Full-time: Chelsea 3 Newcastle 0

JOSE Mourinho had a good day but this was another defeat at the end of a frustrating week for Newcastle United.

After watching an Eden Hazard-inspired Blues cruise to a 3-0 win at Stamford Bridge, Newcastle boss Alan Pardew is nursing another defeat that now means his side have won just one of their last seven Premier League games.

Hazard's brilliance conjured up two goals in the first half and then he completed his hat-trick with a second half penalty to lift Chelsea to the top of the league.

Newcastle do not have such a healthy position, it is just fortunate they sit with a respectable 37 point tally at this stage after ten days to forget on Tyneside.

After a derby defeat to Sunderland, the departure of Joe Kinnear and the resignation of Under-21s coach Willie Donachie, Newcastle need to find a lift again.

And they must do so without Yohan Cabaye following his move to Paris St Germain and key midfielder Cheik Tiote, who will miss three weeks with a hamstring problem.

There are also fresh injury concerns over Mathieu Debuchy ahead of Wednesday's visit of Tottenham after he was forced off with an ankle injury this afternoon.

While Mourinho focused on ways of claiming the points that could take them ahead of Arsenal in the title race, Pardew tried something different in a bid to stop them.

Paul Dummett's inclusion at left-back meant the hole vacated by Tiote was filled by Davide Santon in the middle alongside Vurnon Anita.

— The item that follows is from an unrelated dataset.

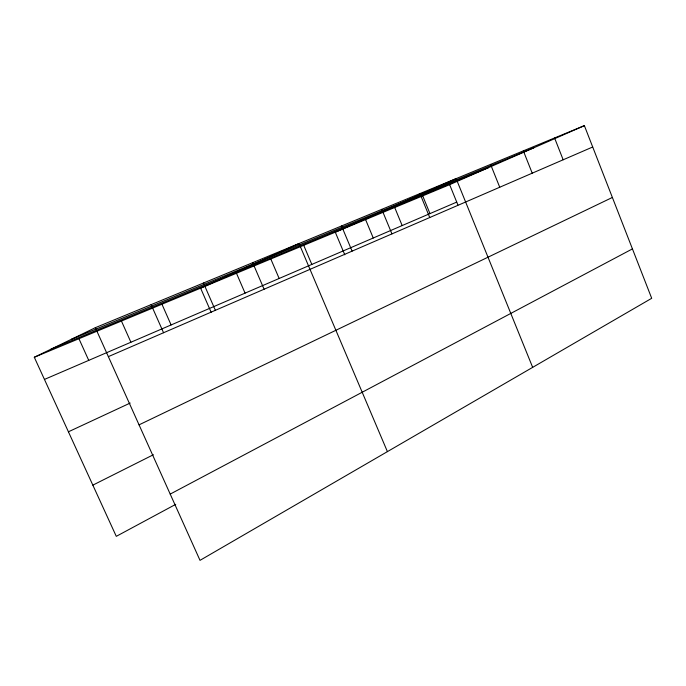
<?xml version="1.0" encoding="UTF-8"?>
<svg xmlns="http://www.w3.org/2000/svg" width="686" height="686" viewBox="0 0 686 686"><rect width="100%" height="100%" fill="white"/><g stroke="black" fill="none" stroke-linecap="round" stroke-linejoin="round"><path stroke-width="1.03" d="M175.736 504.339L116.286 536.341L34.3 357.26L95.337 327.685L584.378 125.649L651.7 298.299L200.012 560.351L95.337 327.685M170.205 494.1L632.432 248.898M92.842 485.139L153.415 454.724M139.052 424.848L612.375 197.457M68.42 431.794L130.177 403.059M34.3 357.26L449.647 184.671L584.378 125.649M108.354 356.634L592.704 147.001M44.444 379.427L456.73 202.096M51.047 349.14L488.432 167.676M71.481 339.244L533.845 147.782M78.941 338.713L88.734 360.373M121.439 321.048L130.906 342.237M151.109 304.644L163.56 332.736M161.947 304.215L171.106 324.95M211.151 312.293L200.604 288.154L299.045 243.53L387.41 451.628M203.459 283.018L215.37 310.312M236.464 273.251L245.065 293.136M252.68 262.687L264.101 289.226M270.807 258.982L279.151 278.473M303.718 245.305L311.821 264.419M341.542 225.968L352.098 251.136M344.784 254.806L335.283 232.194L456.139 178.626L532.662 367.362M365.587 219.597L373.253 237.999M381.776 209.35L391.946 233.892M394.707 207.498L402.168 225.565M422.705 195.862L429.968 213.603M419.926 193.589L429.736 217.531M449.647 184.671L457.931 205.045M490.576 164.4L499.734 187.235M523.349 150.86L532.216 173.181M554.58 137.963L563.163 159.778"/></g></svg>

January recruit Luuk De Jong was also handed a full debut on his own up front.

This was always likely to be an afternoon trying to contain the Blues shirts, though, and for the first 20 minutes things seemed to be going reasonably well.

While there was plenty of clever movement and passing, Chelsea's early efforts were from outside the area and flew narrowly wide.

And Newcastle had a couple of efforts themselves, with Hatem Ben Arfa going closest with two shots rolled in to the arms of Petr Cech.

But then Chelsea opened the scoring in the 27th minute. When Branislav Ivanovic placed a pass just inside the Newcastle box, Hazard met it first time with a precise finish inside the far corner.

Newcastle could have levelled before the second but Cech denied Moussa Sissoko after a fine defence splitting pass from Santon sent the Frenchman clear.

And Chelsea immediately broke down the other end through Willian. When he picked out Hazard the danger signs were there, but the Belgian darted in to the box, played a clever one-two with Samuel Eto'o and then applied the cool finish.

That arrived 11 minutes before half-time and from that moment on Chelsea never looked surrendering their advantage. And after the restart Newcastle could not even get out of their half.

An almighty blunder from Krul almost cost a third. He totally misjudged a long clearance from David Luiz and the ball bounced over his head on the edge of his box. There was just too much pace on it for Hazard to catch.

But the Chelsea playmaker did not have to wait much longer for his third and it arrived in the 63rd minute.

Assistant referee Darren Cann called a penalty when substitute Mapou Yanga-Mbiwa – who was introduced for the Debuchy – wrapped his arms around Eto'o at the back post when a corner was floated in. Hazard took the spot-kick in style.

Chelsea new-boy Mohamed Salah, signed from Basel last month, had a couple of late efforts to increase the lead, while Sylvain Marveaux wasted a glorious chance to pull one back in the dying moments.

But Newcastle had already been defeated.

CHELSEA (4-2-3-1): Cech; Ivanovic, Cahill, Luiz, Azpilicueta; Lampard, Matic; Hazard (Schurrle 86), Willian (Salah 76), Oscar; Eto'o (Ba 71). Subs: Schwarzer (gk), Cole, Ramires, Mikel.

NEWCASTLE UNITED (4-2-3-1): Krul; Debuchy (Yanga-Mbiwa 40), Williamson, Taylor, Dummett; Anita (Marveaux 86), Santon; Sissoko, Ben Arfa (Gosling 64), Sammy Ameobi; De Jong. Subs: Elliot (gk), Haidara, Armstrong, Shola Ameobi.